🤖 AI Summary
This work proposes a statistical unlearning framework under a general loss function to efficiently implement machine unlearning, thereby complying with data deletion regulations and mitigating the impact of contaminated data. Focusing on squared loss, the authors develop Unlearning Least Squares (ULS), which accurately estimates the optimal parameters for the remaining data using only a pre-trained model, the samples to be forgotten, and a small amount of retained data. Theoretical analysis establishes the minimax optimality of ULS, showing that its estimation error decomposes into an ideal term and an “unlearning cost” dependent on the fraction of data removed and model misspecification. This framework enables asymptotically efficient inference without full retraining. Empirical results demonstrate that ULS achieves performance nearly matching full retraining while substantially reducing data access requirements.
📝 Abstract
There is a growing demand for efficient data removal to comply with regulations like the GDPR and to mitigate the influence of biased or corrupted data.
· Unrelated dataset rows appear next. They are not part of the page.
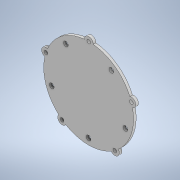
# Autodesk Inventor part: Base_Suelo
Saved by Autodesk Inventor 2022 (Build 260153000, 153)
## iProperties
Created: 2021-09-09
Part Number: Base_Suelo
Material: Generic
Document SubType Name: Modeling
Designer: Administrador
Density: 1 g/cm^3
Appearance: Default
Author: Administrador
Autodesk Inventor part; units mm, degrees
ref_plane "YZ Plane" through (0, 0, 0) normal (1, 0, 0) x (0, 1, 0)
ref_plane "XZ Plane" through (0, 0, 0) normal (0, 1, 0) x (-1, 0, 0)
ref_plane "XY Plane" through (0, 0, 0) normal (0, 0, 1) x (1, 0, 0)
sketch "Sketch1" plane through (0, 0, 0) normal (0, 1, 0) x (-1, 0, 0)
  point P0 (0, 0)
sketch "Sketch2" plane through (0, 0, 0) normal (0, 0, 1) x (1, 0, 0)
  circle A0 centre (0, -44) radius 2.7
  circle A1 centre (-41.8465, -13.5967) radius 2.7
  circle A2 centre (-25.8626, 35.5967) radius 2.7
  circle A3 centre (25.8626, 35.5967) radius 2.7
  circle A4 centre (41.8465, -13.5967) radius 2.7
  arc A5 (5.1973, 50.7345) -> (-4.7916, 50.7744) centre (0.2038, 50.9896) ccw
  circle A6 centre (0.2038, 50.9896) radius 2.1
  arc A7 (0.2038, 50.9896) -> (-1.8959, 50.9547) centre (0, 0) ccw
  arc A8 (-2.6987, -43.9172) -> (0, -44) centre (0, 0) ccw
  arc A9 (-46.6453, 20.6207) -> (-49.77, 11.1331) centre (-48.431, 15.9505) ccw
  circle A10 centre (-48.431, 15.9505) radius 2.1
  arc A11 (-34.0257, -37.9902) -> (-25.968, -43.8938) centre (-30.1358, -41.1316) ccw
  circle A12 centre (-30.1358, -41.1316) radius 2.1
  arc A13 (25.6163, -44.1) -> (33.7209, -38.261) centre (29.806, -41.3712) ccw
  circle A14 centre (29.806, -41.3712) radius 2.1
  arc A15 (49.8574, 10.7349) -> (46.8087, 20.2472) centre (48.557, 15.5628) ccw
  circle A16 centre (48.557, 15.5628) radius 2.1
  arc A17 (-4.7916, 50.7744) -> (-46.6453, 20.6207) centre (0, 0) ccw
  arc A18 (-49.77, 11.1331) -> (-34.0257, -37.9902) centre (0, 0) ccw
  arc A19 (-25.968, -43.8938) -> (25.6163, -44.1) centre (0, 0) ccw
  arc A20 (33.7209, -38.261) -> (49.8574, 10.7349) centre (0, 0) ccw
  arc A21 (46.8087, 20.2472) -> (5.1973, 50.7345) centre (0, 0) ccw
  point P0 (2.3032, 50.9382)
  point P1 (-49.0467, 13.9428)
  point P2 (-47.7333, 17.9312)
  point P3 (-31.804, -39.8561)
  point P4 (28.0774, -42.5636)
  point P5 (49.1568, 13.5503)
  point P6 (-28.4166, -42.3376)
  point P7 (31.4843, -40.1089)
  point P8 (47.875, 17.549)
  dimension "d2" = 5.4
  dimension "d5" = 360
  dimension "d7" = 10
  dimension "d8" = 4.2
  dimension "d11" = 360
  dimension "d15" = 51
  constraints: 34 point on circle, 21 centre point, 8 coincident, 55 other
  measures "d7" diameter of A5
  measures "d8" diameter of A6
  measures "d15" radius of A17
extrude "BaseSuelo" add sketch "Sketch2" along normal blind 3
body "Solid1"
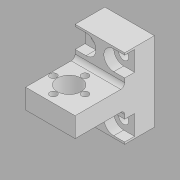
# Autodesk Inventor part: 0008-10-013 Supăort Piulita Axa Z2
Saved by Autodesk Inventor 2020.2 (Build 242310000, 310)
## iProperties
Created: 2021-02-27
Part Number: 0008-10-013 Supăort Piulita Axa Z2
Material: Generic
Document SubType Name: Modeling
Designer: Iulian Bors
Density: 1 g/cm^3
Appearance: Default
Description: Suport Piulita Z
Mass: 17.1063 g
Surface Area: 69.7956 cm^2
Volume: 17.1063 cm^3
Author: Iulian Bors
Subject: 013
Autodesk Inventor part; units mm, degrees
ref_plane "YZ Plane" through (0, 0, 0) normal (1, 0, 0) x (0, 1, 0)
ref_plane "XZ Plane" through (0, 0, 0) normal (0, 1, 0) x (-1, 0, 0)
ref_plane "XY Plane" through (0, 0, 0) normal (0, 0, 1) x (1, 0, 0)
sketch "Sketch1" plane through (0, 0, 0) normal (0, 0, 1) x (1, 0, 0)
  line L0 (-12.5, 20) -> (12.5, 20)
  line L1 (12.5, 20) -> (12.5, -20)
  line L2 (12.5, -20) -> (-12.5, -20)
  line L3 (-12.5, -20) -> (-12.5, 20)
  point P0 (0, 0)
  point P1 (-12.5, 0)
  point P2 (0, 20)
  dimension "d0" = 40
  dimension "d1" = 25
  constraints: 8 end point, 2 midpoint, 2 parallel, 1 horizontal, 1 horizontal alignment, 1 perpendicular, 1 vertical alignment
  measures "d0" distance of L2.end L0.start
  measures "d1" distance of L0.start L0.end
extrude "Extrusion1" add sketch "Sketch1" along normal blind 15
sketch "Sketch3" plane through (0, 0, 15) normal (0, 0, -1) x (-1, 0, 0)
  line L0 (-12.5, -20) -> (-12.5, 20) projected
  line L1 (-12.5, -20) -> (-12.5, 20) projected
  line L2 (12.5, -20) -> (-12.5, -20) projected
  line L3 (-12.5, 20) -> (12.5, 20) projected
  line L4 (0, 0) -> (0, 4.9357) construction
  point P0 (-7, -14)
  point P1 (-7, 14)
  point P2 (0, -20)
  point P3 (0, 20)
  point P4 (7, -14)
  point P5 (7, 14)
  dimension "d21" = 6
  dimension "d22" = 6
  dimension "d24" = 5.5
  constraints: 2 end point, 2 midpoint, 2 symmetric about line, 1 vertical, 1 vertical alignment
  measures "d21" distance from line of L3 point (-7, 14)
  measures "d22" distance from line of L2 point (-7, -14)
  measures "d24" distance from line of L0 point (-7, 14)
hole "Hole1" at (7, -14, 15) at (-7, -14, 15) at (-7, 14, 15) at (7, 14, 15) direction (0, 0, -1) diameter 5 end through all counterbore diameter 10 counterbore depth 5
sketch "Sketch4" plane through (0, 0, 15) normal (0, 0, 1) x (1, 0, 0)
  line L0 (-12.5, 5) -> (12.5, 5)
  line L1 (12.5, 5) -> (12.5, -5)
  line L2 (12.5, -5) -> (-12.5, -5)
  line L3 (-12.5, -5) -> (-12.5, 5)
  line L4 (12.5, -20) -> (12.5, 20) projected
  line L5 (-12.5, 20) -> (-12.5, -20) projected
  point P0 (0, 0)
  point P1 (12.5, 0)
  dimension "d20" = 10
  constraints: 8 end point, 2 collinear, 2 parallel, 1 horizontal, 1 horizontal alignment, 1 midpoint, 1 perpendicular
  measures "d20" distance between parallel lines of L0 L2
extrude "Extrusion3" add sketch "Sketch4" along normal blind 25
sketch "Sketch5" plane through (-12.5, 5, 15) normal (0, 1, 0) x (1, 0, 0)
  circle A0 centre (10, -13) radius 6
  line L0 (25, -25) -> (0, -25) projected
  line L1 (25, 0) -> (25, -25) projected
  circle A1 centre (10, -5) radius 1.75
  circle A2 centre (2, -13) radius 1.75
  circle A3 centre (10, -21) radius 1.75
  circle A4 centre (18, -13) radius 1.75
  point P0 (12.5, 15)
  dimension "d27" = 12
  dimension "d28" = 12
  dimension "d29" = 15
  dimension "d30" = 3.5
  dimension "d31" = 8
  dimension "d34" = 360
  constraints: 5 centre point, 1 vertical alignment, 9 other
  measures "d27" diameter of A0
  measures "d28" distance from line of L0 A0.centre
  measures "d29" distance from line of L1 A0.centre
  measures "d30" diameter of A1
  measures "d31" distance of A0.centre A1.centre
extrude "Extrusion4" cut sketch "Sketch5" against normal through all
fillet "Fillet2" radius 2 2 edges at (0, 5, 15) (0, -5, 15)
sketch "Sketch6" plane through (0, 0, 15) normal (0, 0, 1) x (1, 0, 0)
  line L0 (12.5, 7) -> (12.5, 20) projected
  line L1 (12.5, 19) -> (7, 19)
  line L2 (12.5, 9) -> (7, 9)
  circle A0 centre (7, 14) radius 5 projected
  point P0 (0, 0)
  constraints: 4 end point, 2 perpendicular, 2 point on circle, 2 point on line, 2 tangent, 1 horizontal
extrude "Extrusion5" cut sketch "Sketch6" against normal up to surface (5 mm away) contours L2 A0 L1 L0
mirror "Mirror1" about plane through (0, 0, 0) normal (1, 0, 0) of "Extrusion5"
mirror "Mirror2" about plane through (0, 0, 0) normal (0, 1, 0) of "Extrusion5", "Mirror1"
equation "\"d22\" = d21"
body "Solid1"

This has motivated the field of machine unlearning, which aims to eliminate the influence of specific data subsets without the cost of full retraining. In this work, we propose a statistical framework for machine unlearning with generic loss functions and establish theoretical guarantees. For squared loss, especially, we develop Unlearning Least Squares (ULS) and establish its minimax optimality for estimating the model parameter of remaining data when only the pre-trained estimator, forget samples, and a small subsample of the remaining data are available. Our results reveal that the estimation error decomposes into an oracle term and an unlearning cost determined by the forget proportion and the forget model bias. We further establish asymptotically valid inference procedures without requiring full retraining. Numerical experiments and real-data applications demonstrate that the proposed method achieves performance close to retraining while requiring substantially less data access.